Biden takes election duel with Trump to France

US President Joe Biden boards Air Force One prior to departure from Joint Base Andrews in Maryland, June 4, 2024 as he travels to France to commemorate D-Day

Aboard Air Force One (AFP) - Joe Biden headed for France on Tuesday to mark 80 years since the World War II D-Day landings and promote America as a defender of democracy and international alliances -- contrasting himself against election rival Donald Trump.

"We are the world power," the 81-year-old Democrat said in an interview with Time magazine published Tuesday, laying out his vision of continued US leadership of an increasingly fragile post-war international order.

Biden's trip comes as US allies fear an alternative future -- one in which a comeback victory by Republican Trump in November's US presidential election heralds a fresh wave of US isolationism.

"I have a fundamentally different view than Mr Trump has on a range of things," he said, adding that US security depended on its "alliances around the world."

"And he, Trump, wanted to just abandon them," added Biden.

Previewing Biden's trip, White House National Security Council spokesman John Kirby said World War II "showed the world the value of strong alliances and partnerships," and added that Biden "has made revitalizing our relationships a key priority."

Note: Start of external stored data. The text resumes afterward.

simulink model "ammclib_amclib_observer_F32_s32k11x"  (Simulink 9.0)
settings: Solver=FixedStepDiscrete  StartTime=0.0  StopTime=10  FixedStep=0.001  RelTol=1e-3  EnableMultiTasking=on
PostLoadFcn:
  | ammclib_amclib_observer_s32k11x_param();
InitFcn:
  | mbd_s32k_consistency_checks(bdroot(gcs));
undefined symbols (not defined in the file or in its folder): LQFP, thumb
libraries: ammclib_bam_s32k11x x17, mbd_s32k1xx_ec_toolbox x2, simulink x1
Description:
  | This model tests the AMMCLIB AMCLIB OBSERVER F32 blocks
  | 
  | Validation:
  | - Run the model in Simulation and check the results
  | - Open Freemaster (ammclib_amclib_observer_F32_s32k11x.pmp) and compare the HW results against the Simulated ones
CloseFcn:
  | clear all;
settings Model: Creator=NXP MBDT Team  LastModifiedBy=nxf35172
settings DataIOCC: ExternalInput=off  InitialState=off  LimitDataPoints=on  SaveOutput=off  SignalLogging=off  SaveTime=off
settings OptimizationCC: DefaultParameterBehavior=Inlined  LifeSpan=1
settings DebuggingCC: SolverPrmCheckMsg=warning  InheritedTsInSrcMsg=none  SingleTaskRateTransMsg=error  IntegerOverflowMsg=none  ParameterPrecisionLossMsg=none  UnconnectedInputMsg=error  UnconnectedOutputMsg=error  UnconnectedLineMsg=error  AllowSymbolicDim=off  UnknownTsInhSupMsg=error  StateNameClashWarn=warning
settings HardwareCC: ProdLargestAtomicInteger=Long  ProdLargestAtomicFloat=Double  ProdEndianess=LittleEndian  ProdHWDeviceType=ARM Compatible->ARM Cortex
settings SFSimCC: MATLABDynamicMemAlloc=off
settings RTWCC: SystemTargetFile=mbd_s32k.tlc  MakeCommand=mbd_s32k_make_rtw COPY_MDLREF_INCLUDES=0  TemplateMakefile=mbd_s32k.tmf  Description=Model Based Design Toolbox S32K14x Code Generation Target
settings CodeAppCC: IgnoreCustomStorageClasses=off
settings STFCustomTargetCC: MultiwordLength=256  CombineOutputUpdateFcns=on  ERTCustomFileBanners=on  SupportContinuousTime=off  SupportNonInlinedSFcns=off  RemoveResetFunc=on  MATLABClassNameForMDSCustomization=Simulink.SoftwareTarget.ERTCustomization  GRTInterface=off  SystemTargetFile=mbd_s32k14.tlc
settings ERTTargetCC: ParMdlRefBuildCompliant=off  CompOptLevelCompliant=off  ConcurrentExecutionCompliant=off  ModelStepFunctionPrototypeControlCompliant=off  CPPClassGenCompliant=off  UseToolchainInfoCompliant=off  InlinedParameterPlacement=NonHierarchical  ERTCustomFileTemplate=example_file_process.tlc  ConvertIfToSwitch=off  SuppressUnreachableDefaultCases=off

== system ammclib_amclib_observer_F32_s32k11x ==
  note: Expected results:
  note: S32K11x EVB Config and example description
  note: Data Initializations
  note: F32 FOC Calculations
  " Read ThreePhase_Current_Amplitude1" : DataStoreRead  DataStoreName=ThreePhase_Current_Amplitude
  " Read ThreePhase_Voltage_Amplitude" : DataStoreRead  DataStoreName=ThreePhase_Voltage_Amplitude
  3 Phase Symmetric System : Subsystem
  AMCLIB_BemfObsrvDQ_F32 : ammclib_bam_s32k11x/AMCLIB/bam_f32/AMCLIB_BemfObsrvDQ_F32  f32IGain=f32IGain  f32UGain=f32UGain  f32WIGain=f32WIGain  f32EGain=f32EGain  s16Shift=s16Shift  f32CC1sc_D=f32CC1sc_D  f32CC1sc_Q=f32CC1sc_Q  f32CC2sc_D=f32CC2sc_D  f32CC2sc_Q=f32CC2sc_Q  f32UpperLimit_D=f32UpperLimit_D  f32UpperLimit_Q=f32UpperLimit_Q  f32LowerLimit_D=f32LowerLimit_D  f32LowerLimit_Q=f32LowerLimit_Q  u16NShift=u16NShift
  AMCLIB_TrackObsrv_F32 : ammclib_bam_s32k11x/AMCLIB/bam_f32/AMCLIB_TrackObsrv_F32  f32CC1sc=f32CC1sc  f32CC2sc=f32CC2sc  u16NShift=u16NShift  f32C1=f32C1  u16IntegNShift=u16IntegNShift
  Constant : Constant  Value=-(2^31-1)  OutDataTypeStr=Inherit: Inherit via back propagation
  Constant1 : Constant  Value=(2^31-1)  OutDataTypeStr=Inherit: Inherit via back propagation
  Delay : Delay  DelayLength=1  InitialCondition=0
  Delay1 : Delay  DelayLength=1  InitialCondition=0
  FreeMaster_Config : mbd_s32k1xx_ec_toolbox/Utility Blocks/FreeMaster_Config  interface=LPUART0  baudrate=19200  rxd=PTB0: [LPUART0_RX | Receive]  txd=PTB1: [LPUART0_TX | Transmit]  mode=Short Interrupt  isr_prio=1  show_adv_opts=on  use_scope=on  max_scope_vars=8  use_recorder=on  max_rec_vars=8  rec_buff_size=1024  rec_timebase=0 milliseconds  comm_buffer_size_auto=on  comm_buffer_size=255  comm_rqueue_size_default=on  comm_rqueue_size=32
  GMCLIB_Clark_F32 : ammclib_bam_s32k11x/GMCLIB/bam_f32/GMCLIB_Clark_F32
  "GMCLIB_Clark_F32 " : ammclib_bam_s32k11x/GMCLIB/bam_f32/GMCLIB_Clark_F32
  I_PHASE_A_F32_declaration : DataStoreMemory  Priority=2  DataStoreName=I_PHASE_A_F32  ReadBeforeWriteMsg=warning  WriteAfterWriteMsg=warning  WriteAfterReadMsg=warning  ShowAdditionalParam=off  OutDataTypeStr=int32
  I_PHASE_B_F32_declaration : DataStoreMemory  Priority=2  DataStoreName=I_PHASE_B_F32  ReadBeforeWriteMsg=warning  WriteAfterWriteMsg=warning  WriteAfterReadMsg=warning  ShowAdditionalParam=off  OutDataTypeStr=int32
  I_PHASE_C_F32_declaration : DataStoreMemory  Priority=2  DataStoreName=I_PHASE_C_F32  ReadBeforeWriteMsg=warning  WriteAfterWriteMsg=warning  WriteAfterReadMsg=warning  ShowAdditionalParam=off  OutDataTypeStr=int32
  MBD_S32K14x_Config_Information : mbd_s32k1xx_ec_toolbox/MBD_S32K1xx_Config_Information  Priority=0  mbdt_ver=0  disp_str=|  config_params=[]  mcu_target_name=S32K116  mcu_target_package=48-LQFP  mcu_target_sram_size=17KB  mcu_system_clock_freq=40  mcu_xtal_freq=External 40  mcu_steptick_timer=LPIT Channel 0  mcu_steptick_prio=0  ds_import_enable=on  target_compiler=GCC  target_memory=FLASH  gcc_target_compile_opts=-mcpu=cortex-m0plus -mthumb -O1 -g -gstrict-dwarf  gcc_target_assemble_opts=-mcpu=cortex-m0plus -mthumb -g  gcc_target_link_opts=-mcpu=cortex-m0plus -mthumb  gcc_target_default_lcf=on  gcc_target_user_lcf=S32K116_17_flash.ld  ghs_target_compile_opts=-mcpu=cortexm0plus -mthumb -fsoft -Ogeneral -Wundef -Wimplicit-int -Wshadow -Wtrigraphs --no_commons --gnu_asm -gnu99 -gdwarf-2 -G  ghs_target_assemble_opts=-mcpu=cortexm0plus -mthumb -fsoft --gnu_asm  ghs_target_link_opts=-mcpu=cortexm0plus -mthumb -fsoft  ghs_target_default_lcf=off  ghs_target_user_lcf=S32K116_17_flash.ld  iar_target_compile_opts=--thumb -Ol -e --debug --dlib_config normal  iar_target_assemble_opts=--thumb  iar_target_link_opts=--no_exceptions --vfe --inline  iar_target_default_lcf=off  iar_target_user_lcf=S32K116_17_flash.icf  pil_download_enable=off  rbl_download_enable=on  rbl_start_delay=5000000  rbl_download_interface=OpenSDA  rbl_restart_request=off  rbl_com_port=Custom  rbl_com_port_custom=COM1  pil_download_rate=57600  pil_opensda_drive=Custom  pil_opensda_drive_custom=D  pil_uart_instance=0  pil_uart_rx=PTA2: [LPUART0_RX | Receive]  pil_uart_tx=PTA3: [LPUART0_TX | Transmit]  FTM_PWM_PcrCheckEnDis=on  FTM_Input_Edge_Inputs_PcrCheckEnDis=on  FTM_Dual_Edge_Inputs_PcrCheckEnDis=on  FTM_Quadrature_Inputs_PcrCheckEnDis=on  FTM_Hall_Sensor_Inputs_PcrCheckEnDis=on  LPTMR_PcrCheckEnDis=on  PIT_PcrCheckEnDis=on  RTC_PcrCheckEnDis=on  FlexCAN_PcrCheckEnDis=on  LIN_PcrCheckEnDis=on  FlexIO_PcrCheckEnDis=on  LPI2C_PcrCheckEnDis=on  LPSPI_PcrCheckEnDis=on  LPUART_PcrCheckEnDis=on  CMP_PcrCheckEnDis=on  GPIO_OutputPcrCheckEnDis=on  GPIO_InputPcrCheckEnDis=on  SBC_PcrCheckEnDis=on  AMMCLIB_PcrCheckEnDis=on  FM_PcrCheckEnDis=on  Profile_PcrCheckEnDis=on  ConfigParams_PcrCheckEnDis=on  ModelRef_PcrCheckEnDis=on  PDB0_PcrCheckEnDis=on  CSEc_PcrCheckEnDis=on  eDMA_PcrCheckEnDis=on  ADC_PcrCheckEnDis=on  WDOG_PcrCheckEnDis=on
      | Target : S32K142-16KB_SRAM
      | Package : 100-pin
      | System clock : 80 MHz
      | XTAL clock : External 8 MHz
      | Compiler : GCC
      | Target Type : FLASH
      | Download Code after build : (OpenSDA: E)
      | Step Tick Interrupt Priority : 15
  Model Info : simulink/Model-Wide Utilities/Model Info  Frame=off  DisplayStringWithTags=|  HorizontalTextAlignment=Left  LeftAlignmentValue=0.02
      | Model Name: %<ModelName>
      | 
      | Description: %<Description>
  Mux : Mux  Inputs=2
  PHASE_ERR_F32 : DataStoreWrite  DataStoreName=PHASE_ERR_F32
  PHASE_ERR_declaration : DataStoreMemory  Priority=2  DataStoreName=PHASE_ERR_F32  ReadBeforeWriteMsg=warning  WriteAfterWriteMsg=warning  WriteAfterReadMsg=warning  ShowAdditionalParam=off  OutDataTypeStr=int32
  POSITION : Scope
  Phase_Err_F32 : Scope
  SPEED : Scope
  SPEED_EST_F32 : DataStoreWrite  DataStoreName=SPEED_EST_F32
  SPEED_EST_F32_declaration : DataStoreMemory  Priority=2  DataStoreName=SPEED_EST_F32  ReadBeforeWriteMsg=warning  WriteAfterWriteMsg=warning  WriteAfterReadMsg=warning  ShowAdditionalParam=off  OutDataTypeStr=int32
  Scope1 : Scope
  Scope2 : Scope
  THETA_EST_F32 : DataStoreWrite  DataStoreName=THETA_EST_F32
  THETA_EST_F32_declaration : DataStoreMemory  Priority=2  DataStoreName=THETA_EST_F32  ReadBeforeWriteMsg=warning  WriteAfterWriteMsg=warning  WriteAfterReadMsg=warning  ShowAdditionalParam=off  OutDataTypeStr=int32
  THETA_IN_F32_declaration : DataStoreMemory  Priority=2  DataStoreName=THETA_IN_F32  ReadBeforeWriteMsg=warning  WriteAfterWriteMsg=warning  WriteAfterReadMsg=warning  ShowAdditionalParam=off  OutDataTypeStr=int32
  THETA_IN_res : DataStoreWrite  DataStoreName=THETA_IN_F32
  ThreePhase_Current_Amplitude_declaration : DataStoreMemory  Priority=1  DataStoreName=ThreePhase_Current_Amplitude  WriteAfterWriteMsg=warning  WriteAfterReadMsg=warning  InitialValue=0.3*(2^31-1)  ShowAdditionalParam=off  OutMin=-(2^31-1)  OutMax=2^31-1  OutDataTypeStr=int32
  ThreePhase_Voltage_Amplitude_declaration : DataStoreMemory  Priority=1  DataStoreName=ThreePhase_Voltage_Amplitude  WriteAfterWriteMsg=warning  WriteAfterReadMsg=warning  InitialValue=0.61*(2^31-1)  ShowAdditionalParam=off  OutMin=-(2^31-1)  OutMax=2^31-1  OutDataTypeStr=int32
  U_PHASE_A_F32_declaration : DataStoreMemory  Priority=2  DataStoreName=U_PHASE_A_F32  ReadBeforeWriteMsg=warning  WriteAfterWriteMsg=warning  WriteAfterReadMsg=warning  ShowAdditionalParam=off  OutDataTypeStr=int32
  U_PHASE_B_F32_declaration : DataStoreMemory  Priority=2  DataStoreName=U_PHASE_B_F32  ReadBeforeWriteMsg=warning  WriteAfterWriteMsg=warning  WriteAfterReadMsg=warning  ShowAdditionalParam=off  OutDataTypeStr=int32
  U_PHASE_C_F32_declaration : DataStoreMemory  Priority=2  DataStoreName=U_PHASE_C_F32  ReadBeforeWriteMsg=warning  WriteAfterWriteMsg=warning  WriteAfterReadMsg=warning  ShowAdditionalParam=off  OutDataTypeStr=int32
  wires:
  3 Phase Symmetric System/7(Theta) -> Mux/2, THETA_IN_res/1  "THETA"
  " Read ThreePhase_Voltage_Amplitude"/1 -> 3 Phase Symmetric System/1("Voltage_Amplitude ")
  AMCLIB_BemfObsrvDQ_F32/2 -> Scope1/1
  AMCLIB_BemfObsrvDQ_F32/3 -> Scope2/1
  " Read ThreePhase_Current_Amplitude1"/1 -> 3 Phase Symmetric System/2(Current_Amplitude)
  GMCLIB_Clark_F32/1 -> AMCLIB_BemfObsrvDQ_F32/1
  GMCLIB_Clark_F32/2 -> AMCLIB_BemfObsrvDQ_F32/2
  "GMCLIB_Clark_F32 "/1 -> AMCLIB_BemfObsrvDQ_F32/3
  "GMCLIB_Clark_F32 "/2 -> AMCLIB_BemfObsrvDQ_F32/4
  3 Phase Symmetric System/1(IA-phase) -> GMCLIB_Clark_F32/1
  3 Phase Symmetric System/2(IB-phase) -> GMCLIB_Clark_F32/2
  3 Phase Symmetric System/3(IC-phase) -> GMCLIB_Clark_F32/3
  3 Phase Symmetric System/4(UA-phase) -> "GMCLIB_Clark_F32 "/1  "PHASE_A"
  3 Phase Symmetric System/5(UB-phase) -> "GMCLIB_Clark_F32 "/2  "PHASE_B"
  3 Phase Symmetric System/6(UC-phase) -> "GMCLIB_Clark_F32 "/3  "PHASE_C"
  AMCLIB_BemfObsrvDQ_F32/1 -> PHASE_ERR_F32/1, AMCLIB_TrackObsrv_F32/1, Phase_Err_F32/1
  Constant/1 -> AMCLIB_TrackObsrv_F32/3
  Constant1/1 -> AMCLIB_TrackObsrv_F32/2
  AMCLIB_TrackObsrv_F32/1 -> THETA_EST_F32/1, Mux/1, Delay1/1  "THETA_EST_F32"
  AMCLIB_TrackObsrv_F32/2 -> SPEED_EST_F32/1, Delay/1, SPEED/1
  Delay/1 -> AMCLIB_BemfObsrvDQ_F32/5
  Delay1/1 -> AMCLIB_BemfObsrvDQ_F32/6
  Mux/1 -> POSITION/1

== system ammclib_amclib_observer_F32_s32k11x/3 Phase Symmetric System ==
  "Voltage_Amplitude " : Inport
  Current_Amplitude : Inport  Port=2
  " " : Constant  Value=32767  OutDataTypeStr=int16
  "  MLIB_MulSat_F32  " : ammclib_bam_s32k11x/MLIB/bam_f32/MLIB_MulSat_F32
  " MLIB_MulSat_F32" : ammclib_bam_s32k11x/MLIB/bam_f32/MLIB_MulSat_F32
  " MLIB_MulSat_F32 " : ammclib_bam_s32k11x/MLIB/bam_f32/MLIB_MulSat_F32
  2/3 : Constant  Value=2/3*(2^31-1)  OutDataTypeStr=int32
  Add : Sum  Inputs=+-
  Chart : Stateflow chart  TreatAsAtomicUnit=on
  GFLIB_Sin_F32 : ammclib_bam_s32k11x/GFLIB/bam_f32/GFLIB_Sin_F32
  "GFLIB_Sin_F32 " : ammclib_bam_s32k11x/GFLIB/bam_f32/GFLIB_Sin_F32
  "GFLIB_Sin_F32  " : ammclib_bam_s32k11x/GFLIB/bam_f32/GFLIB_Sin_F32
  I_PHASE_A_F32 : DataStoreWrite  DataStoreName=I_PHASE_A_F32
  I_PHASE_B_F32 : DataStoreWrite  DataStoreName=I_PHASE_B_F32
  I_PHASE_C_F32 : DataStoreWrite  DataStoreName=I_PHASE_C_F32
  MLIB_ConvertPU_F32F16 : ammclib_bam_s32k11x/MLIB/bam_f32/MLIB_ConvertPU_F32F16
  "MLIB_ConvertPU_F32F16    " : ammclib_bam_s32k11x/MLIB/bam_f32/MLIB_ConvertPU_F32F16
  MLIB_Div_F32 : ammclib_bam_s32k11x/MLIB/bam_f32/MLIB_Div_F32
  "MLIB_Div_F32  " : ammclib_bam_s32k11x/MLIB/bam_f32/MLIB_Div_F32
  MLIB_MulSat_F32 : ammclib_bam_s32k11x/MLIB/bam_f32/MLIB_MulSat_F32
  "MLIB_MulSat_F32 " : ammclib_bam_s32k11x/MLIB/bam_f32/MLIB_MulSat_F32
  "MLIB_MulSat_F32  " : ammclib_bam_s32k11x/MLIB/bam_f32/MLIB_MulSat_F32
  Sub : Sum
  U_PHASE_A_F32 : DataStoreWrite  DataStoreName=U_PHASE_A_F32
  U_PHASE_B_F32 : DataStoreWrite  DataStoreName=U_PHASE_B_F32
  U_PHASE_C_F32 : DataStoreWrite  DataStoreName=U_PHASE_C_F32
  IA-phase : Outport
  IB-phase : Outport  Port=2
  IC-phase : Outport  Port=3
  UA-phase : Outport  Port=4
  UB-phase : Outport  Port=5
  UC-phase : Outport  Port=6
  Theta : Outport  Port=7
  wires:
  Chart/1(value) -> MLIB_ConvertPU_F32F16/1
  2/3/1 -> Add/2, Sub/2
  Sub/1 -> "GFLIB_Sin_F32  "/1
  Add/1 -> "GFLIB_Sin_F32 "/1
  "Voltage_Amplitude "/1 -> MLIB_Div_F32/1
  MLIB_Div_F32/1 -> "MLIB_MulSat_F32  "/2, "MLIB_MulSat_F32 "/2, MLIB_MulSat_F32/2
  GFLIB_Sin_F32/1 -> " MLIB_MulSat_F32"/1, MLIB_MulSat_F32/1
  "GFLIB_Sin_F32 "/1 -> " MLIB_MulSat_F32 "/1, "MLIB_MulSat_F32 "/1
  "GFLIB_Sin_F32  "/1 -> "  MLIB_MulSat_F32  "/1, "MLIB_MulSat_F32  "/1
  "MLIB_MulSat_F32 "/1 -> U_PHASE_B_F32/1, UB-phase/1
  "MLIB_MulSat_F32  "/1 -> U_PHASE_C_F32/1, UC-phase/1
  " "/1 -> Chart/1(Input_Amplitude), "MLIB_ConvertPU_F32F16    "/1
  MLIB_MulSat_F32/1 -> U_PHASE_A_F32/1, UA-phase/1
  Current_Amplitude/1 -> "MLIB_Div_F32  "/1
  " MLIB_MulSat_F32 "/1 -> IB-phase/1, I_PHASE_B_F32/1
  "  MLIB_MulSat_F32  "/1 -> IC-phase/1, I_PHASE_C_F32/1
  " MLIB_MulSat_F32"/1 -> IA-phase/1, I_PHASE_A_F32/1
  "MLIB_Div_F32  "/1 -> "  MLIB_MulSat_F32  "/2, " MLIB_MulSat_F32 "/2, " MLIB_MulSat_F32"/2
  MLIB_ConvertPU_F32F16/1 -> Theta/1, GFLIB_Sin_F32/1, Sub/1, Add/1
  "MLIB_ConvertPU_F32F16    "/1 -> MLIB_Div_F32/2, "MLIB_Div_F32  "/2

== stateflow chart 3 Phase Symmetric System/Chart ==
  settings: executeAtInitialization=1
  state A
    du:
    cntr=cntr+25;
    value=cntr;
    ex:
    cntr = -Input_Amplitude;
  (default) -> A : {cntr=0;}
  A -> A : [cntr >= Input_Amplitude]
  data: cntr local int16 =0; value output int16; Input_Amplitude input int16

The US president's schedule in France is designed to show him off in the best possible light compared to his nemesis Trump.

On Sunday, Biden will visit the Aisne-Marne American Cemetery, where hundreds of US Marines who died in the bloody Battle of Belleau Wood during World War I are buried.

Trump called off a visit to the same cemetery in 2018 -- officially because of bad weather.

But the Atlantic magazine later reported that Trump was mainly concerned that his hair would become disheveled in the rain. 

Trump was also reported to have told senior staff members: "Why should I go to that cemetery? It's filled with losers."

An angry Biden has repeatedly brought up those comments in election campaign speeches -- not least because his own son Beau had served in the military and he blamed his son's death of brain cancer at age 46 in 2015 on toxins from army burn pits in Iraq.

'Defending freedom'

Biden will also take part in the international ceremony marking the D-Day landings on June 6, 1944, on Omaha Beach in Normandy.

Later in the week he will meet French President Emmanuel Macron in Paris for a visit featuring a welcome ceremony, military parade and working dinner, followed by a joint press conference.

It will finish with a grand state dinner, with Macron returning the compliment after Biden treated him to the same honor in Washington in December 2022.

The White House said the two leaders would make an announcement on cooperation in the Asia-Pacific region, where China is increasingly assertive, as well as on the energy transition and nuclear energy.

But on Friday Biden has carved out time for a speech whose real audience is at home in the United States.

Biden will speak about "the importance of defending freedom and democracy" at Pointe du Hoc, a promontory overlooking Omaha Beach taken by US Rangers in one of the fiercest battles on D-Day.

Forty years ago President Ronald Reagan used the same location to proclaim that democracy was worth dying for "because it's the most deeply honorable form of government ever devised by man."

The Republican also took aim at the then Soviet Union in that speech. In 2024 his words echo Biden's determination to support Ukraine against Russia's invasion.

But Biden's words will also clearly be aimed at Trump.

Biden has repeatedly called his rival a threat to democracy over Trump's refusal to accept the 2020 election results, his support for the January 6, 2021 Capitol rioters, and his repeated hints at unrest if he loses a second election.

"Something snapped in this guy" after 2020, Biden told a fundraiser earlier this week, in which he also branded Trump a "convicted felon" after the Republican was found guilty in his criminal hush money trial.